Across the data below, how many lines hold "font"? Answer with that number and nothing else.

#### Dataset excerpts

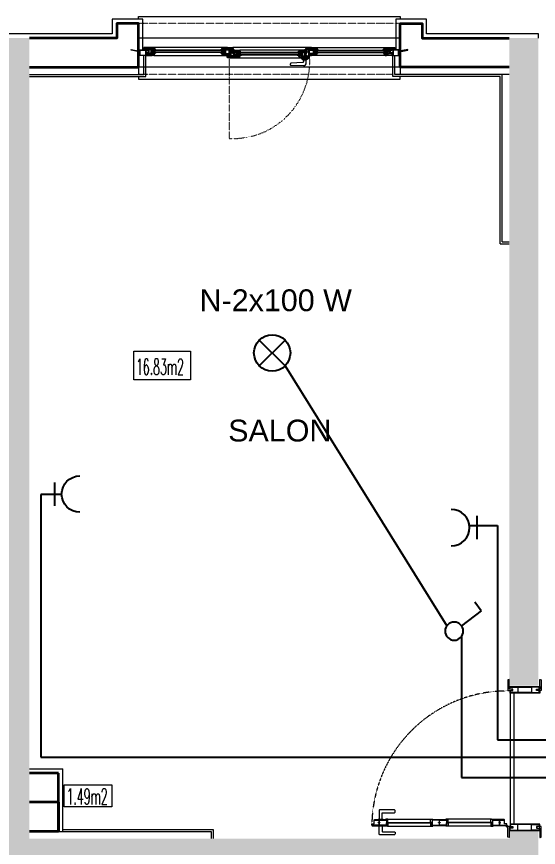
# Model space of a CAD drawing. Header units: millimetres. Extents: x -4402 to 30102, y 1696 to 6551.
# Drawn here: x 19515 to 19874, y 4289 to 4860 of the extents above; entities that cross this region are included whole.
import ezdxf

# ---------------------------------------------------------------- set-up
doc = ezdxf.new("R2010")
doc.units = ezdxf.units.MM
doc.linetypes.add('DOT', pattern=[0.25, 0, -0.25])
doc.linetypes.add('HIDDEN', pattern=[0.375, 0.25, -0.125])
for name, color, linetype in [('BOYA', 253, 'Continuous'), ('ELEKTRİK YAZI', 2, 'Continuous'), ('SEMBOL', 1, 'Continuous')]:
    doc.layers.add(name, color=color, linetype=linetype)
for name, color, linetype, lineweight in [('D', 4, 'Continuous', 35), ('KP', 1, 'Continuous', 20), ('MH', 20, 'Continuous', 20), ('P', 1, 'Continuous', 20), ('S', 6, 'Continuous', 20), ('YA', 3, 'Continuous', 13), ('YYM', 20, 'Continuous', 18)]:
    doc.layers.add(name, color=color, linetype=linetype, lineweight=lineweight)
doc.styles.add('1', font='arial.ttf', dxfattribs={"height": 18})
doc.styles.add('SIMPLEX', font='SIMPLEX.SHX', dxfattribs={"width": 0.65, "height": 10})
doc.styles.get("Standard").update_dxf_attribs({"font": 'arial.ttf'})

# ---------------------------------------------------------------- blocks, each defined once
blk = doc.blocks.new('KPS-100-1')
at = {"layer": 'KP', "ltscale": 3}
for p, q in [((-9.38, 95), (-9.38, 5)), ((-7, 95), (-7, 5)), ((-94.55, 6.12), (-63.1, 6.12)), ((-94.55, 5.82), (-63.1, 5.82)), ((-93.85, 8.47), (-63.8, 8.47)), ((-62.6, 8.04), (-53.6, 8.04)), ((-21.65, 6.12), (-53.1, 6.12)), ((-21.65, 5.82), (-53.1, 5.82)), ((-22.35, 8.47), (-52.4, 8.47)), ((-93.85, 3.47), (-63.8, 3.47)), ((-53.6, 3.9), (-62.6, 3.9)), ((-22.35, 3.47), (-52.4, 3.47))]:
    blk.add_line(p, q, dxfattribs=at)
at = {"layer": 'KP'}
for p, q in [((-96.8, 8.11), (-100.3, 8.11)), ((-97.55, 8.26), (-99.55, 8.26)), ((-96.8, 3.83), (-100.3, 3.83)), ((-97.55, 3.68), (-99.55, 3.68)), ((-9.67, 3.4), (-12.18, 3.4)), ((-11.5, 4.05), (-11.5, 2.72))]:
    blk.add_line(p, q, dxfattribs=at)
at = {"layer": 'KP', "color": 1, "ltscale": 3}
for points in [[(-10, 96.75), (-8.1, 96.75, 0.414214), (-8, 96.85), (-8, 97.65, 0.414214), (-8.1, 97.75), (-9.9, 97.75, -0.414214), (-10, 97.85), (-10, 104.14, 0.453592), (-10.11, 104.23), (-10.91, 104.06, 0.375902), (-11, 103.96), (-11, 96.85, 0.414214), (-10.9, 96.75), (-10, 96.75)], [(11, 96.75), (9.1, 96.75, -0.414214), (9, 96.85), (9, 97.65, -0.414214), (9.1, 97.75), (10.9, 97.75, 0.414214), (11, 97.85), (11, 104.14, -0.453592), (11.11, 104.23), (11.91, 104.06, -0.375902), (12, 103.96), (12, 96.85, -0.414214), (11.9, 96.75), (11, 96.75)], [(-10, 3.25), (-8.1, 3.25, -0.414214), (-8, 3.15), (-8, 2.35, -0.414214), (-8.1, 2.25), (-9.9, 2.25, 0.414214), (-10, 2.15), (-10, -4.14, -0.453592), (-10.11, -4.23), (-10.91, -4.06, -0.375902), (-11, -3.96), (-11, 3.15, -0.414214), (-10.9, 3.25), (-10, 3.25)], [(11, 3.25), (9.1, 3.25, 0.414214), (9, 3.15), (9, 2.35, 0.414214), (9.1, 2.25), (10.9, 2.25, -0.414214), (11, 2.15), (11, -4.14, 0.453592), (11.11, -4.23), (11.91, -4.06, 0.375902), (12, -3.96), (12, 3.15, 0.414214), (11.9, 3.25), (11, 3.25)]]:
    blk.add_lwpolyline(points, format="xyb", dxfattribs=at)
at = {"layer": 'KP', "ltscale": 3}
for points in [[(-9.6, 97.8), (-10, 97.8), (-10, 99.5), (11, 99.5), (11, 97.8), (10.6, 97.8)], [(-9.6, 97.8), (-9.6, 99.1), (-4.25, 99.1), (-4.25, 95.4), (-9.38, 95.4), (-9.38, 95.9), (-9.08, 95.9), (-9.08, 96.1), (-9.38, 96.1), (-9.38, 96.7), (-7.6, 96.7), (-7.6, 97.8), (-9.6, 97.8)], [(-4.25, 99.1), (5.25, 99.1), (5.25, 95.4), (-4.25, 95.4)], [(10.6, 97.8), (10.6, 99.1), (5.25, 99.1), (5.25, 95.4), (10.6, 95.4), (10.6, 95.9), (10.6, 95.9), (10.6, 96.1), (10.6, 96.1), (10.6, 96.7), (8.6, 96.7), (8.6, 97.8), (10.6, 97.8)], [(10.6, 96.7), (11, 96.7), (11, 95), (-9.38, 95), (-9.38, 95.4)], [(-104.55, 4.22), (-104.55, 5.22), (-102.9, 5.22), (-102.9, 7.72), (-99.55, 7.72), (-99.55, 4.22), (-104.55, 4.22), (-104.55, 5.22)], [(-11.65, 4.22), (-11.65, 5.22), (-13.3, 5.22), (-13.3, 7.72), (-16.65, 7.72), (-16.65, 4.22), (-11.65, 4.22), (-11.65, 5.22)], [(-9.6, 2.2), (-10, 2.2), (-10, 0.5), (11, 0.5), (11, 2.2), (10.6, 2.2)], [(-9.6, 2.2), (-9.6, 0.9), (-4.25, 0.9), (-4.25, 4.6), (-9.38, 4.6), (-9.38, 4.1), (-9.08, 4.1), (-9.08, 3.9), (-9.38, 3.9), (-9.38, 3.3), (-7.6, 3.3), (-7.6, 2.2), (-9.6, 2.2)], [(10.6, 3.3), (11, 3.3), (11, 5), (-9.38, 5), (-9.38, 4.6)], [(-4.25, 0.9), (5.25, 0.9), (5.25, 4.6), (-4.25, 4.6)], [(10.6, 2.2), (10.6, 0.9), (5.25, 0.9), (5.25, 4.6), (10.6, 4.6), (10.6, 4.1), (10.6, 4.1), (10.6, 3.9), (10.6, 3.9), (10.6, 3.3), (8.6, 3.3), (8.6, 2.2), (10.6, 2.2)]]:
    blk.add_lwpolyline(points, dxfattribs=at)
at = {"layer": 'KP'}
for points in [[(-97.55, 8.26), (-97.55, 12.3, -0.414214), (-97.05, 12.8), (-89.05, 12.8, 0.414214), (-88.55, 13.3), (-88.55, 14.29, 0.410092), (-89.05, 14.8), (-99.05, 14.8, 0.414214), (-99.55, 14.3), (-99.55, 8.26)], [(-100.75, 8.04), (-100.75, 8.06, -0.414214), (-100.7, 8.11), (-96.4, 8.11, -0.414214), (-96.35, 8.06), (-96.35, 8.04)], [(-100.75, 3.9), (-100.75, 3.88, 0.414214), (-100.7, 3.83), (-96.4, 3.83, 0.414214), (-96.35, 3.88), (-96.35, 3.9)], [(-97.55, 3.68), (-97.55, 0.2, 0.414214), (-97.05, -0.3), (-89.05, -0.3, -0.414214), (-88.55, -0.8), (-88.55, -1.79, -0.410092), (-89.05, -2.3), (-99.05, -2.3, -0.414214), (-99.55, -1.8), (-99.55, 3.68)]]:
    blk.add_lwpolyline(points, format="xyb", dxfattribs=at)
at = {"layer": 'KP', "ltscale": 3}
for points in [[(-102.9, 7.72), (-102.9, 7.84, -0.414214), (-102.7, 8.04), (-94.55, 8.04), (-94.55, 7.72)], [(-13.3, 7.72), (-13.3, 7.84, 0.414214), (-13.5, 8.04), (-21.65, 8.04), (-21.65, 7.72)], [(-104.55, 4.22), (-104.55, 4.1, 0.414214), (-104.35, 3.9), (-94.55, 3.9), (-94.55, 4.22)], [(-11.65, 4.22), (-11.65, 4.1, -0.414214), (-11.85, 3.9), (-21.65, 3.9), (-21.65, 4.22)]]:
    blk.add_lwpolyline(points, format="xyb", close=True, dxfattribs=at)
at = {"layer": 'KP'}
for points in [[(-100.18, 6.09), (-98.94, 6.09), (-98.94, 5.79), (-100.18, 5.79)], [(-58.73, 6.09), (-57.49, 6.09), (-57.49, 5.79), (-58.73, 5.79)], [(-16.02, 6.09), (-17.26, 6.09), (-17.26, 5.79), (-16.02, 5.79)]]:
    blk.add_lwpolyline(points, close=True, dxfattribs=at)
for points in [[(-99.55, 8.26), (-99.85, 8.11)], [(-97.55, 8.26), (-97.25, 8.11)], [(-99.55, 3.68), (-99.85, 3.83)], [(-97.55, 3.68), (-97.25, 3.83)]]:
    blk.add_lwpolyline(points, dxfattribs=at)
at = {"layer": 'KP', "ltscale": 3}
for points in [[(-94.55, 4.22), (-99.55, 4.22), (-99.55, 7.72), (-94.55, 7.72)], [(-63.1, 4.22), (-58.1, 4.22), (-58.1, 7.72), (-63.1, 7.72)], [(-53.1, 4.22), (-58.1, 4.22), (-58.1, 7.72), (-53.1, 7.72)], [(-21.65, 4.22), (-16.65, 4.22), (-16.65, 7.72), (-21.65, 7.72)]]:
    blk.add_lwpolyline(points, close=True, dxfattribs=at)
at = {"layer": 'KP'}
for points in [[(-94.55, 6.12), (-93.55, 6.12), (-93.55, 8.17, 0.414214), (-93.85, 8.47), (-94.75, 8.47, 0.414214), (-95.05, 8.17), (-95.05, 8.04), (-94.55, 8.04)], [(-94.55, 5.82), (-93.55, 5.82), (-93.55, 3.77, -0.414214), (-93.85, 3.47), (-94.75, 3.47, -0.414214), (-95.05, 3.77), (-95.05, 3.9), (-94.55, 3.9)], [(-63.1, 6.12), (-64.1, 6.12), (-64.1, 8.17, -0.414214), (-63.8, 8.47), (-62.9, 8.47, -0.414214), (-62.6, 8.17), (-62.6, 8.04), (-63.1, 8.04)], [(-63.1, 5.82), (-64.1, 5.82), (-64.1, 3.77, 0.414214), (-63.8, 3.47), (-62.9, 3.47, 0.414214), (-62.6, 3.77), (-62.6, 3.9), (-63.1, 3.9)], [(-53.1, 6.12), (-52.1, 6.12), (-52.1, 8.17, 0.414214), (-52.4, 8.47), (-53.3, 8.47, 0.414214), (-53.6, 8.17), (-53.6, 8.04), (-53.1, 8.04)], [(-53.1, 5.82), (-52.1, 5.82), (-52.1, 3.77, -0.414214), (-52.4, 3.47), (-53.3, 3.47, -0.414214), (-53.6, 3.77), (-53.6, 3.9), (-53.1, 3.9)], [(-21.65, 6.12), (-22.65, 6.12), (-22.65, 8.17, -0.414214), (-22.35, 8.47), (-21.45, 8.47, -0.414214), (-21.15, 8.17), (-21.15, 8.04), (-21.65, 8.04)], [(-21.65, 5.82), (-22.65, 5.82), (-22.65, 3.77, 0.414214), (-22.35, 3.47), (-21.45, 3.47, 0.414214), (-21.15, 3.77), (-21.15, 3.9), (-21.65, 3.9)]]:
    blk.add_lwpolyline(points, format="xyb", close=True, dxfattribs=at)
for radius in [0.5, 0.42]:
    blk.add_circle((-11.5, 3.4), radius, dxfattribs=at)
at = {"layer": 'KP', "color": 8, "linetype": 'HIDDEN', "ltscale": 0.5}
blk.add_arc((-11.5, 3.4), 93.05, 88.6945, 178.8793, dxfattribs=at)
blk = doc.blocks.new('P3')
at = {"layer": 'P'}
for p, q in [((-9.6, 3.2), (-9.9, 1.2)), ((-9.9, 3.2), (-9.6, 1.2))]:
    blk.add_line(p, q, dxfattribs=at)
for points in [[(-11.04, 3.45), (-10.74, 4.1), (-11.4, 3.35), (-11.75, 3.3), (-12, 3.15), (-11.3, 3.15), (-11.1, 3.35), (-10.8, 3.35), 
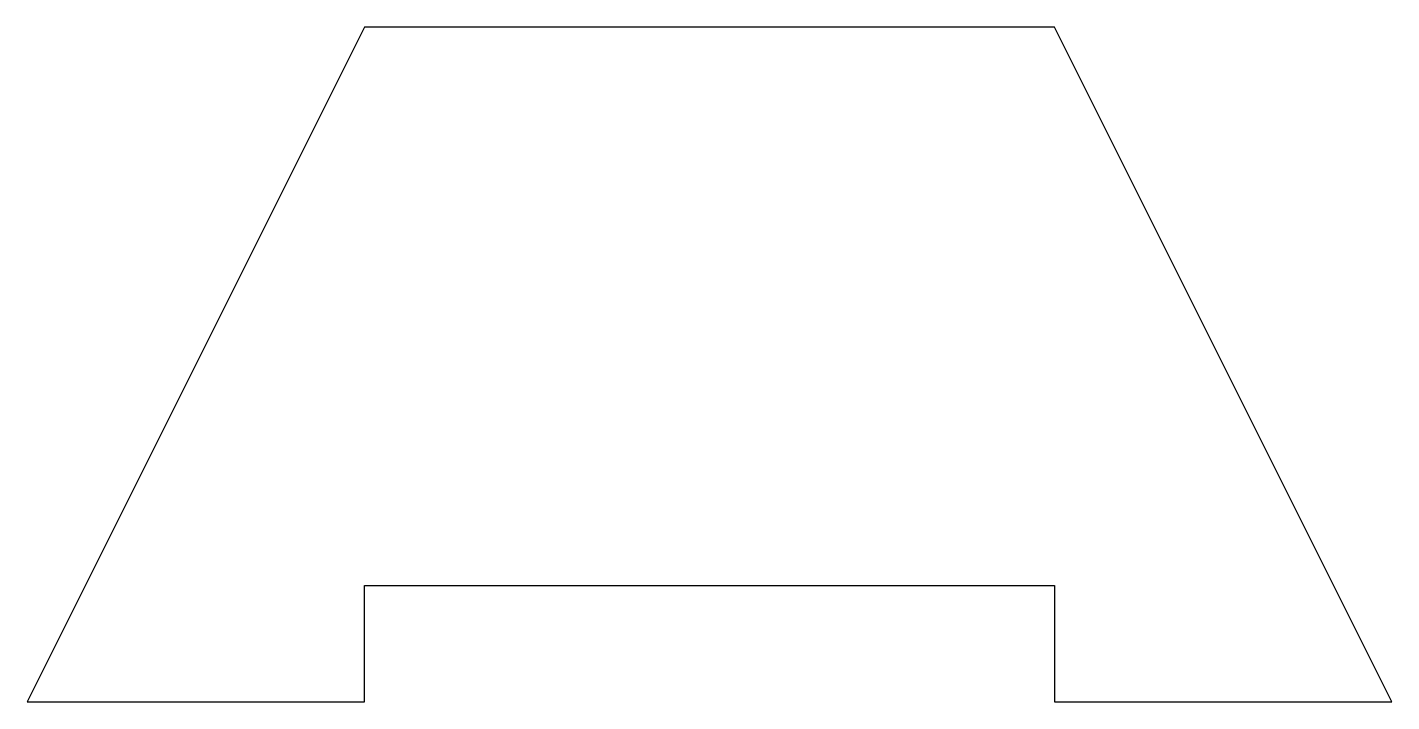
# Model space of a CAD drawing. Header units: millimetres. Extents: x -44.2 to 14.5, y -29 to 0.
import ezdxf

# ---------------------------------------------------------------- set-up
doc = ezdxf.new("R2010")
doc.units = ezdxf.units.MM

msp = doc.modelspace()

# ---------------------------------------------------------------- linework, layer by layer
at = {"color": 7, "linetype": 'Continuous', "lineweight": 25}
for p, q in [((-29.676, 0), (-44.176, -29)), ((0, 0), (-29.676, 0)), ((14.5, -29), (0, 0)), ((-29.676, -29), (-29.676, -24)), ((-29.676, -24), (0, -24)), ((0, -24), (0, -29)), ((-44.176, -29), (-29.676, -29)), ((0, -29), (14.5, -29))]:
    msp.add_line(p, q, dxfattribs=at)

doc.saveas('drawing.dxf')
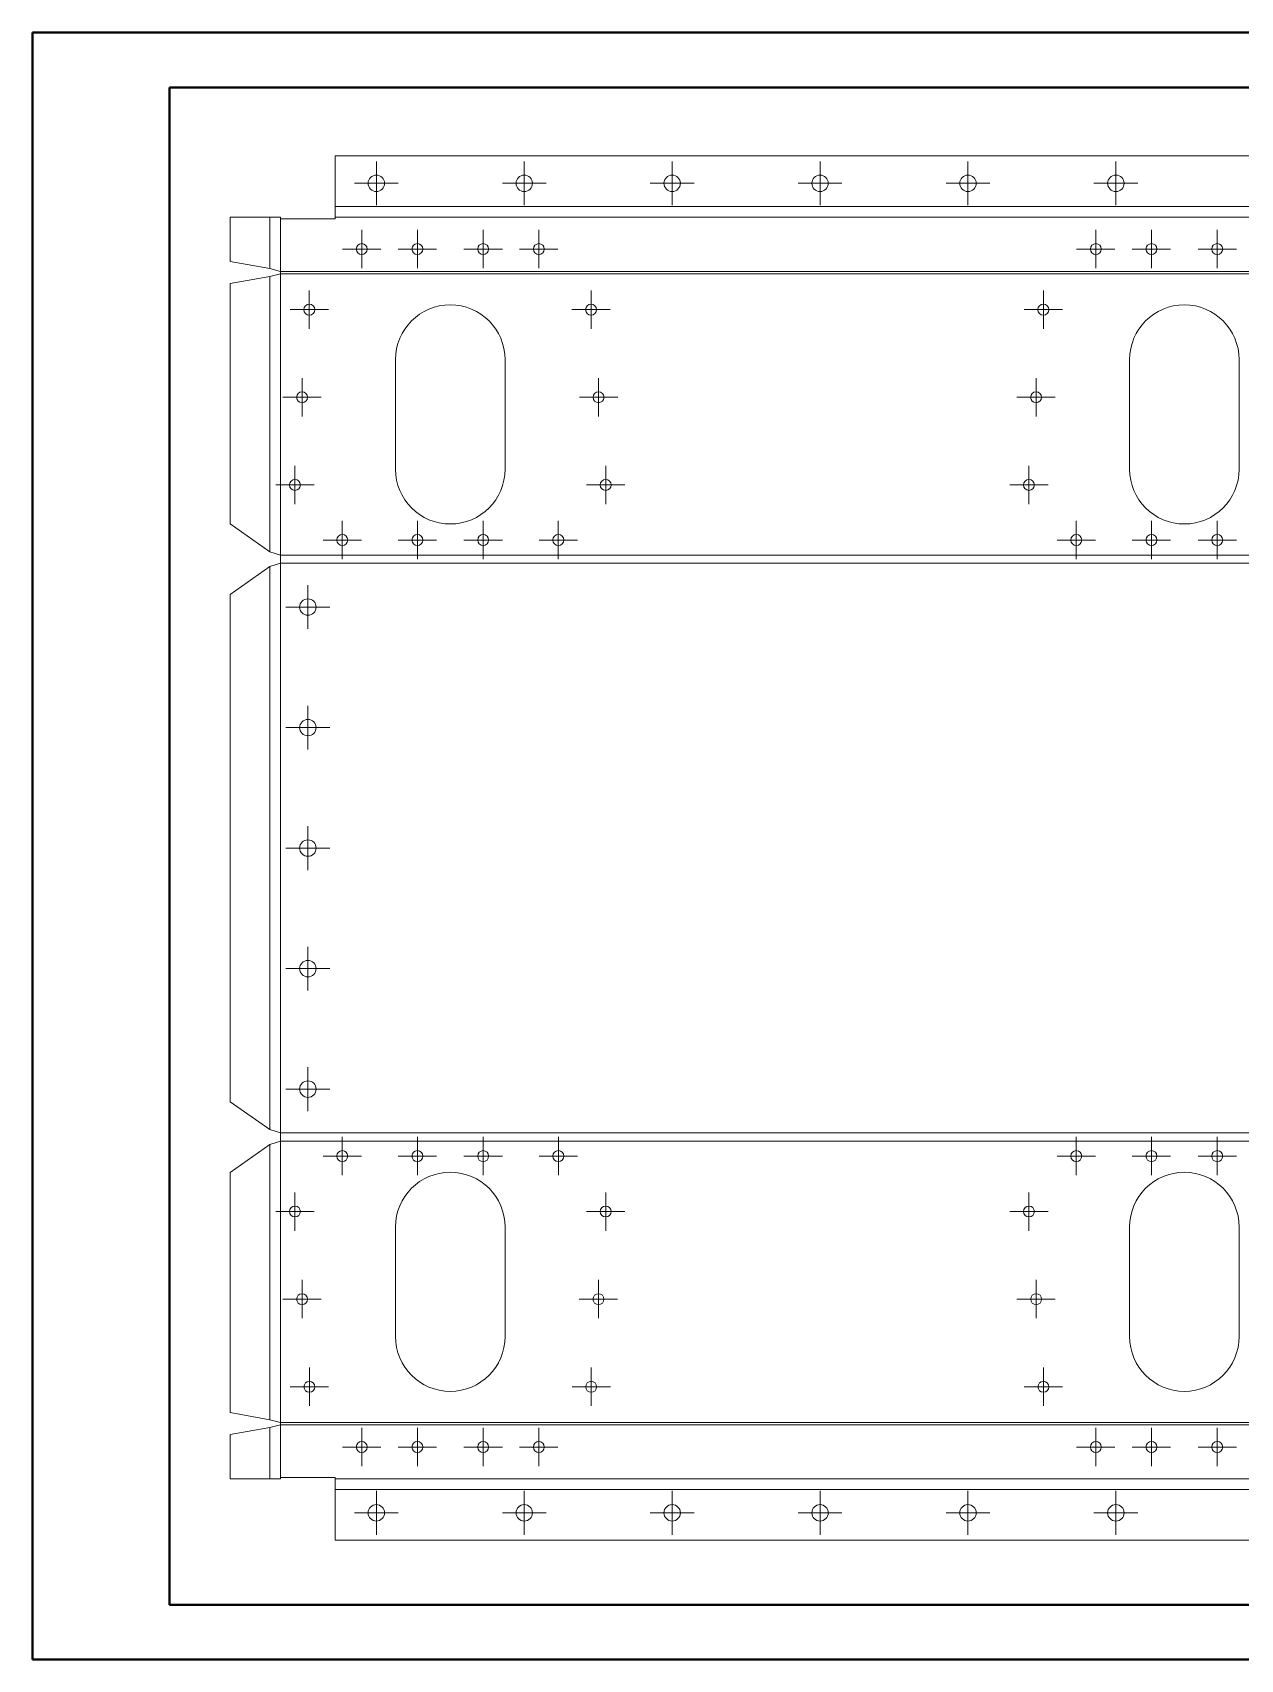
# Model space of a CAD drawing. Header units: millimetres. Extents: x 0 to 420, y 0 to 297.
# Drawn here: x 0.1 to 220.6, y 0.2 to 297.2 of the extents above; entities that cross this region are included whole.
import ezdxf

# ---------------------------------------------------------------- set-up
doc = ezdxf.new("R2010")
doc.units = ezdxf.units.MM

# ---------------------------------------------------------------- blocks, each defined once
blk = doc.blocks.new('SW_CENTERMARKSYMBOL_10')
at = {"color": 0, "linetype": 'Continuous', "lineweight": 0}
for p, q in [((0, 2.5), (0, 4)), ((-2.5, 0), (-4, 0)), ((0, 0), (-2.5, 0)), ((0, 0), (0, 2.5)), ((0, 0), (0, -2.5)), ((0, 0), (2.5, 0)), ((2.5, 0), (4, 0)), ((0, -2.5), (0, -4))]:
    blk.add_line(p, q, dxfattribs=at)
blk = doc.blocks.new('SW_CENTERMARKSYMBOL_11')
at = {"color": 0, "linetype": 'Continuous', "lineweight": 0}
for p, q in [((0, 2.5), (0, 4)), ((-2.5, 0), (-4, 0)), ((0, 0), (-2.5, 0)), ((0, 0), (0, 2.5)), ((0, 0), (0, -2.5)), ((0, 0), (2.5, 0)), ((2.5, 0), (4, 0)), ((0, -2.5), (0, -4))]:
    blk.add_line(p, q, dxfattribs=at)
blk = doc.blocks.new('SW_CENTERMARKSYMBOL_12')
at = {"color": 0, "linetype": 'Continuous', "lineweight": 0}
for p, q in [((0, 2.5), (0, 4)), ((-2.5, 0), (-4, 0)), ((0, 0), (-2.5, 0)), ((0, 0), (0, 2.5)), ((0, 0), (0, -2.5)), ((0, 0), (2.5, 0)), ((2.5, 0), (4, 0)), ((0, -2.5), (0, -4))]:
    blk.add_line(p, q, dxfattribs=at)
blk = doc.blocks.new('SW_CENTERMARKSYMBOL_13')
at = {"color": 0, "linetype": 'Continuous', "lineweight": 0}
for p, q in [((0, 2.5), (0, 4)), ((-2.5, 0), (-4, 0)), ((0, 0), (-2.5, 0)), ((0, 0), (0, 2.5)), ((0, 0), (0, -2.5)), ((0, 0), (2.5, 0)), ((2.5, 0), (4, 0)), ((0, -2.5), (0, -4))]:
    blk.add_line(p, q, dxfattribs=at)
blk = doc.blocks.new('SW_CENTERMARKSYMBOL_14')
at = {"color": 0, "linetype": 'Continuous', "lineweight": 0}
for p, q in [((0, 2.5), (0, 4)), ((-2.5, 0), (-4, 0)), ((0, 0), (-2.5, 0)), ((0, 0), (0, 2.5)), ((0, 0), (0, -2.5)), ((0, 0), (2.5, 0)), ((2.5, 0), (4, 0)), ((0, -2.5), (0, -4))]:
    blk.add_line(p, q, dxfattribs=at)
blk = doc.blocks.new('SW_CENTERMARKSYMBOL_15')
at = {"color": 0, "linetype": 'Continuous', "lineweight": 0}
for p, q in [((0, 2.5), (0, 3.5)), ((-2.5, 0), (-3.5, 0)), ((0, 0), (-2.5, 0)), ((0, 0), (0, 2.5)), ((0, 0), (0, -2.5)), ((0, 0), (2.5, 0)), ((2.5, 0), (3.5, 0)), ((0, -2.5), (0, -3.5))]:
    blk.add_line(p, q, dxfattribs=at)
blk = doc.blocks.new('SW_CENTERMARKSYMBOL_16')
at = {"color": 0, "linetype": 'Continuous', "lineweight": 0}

########

**Your solution:** 3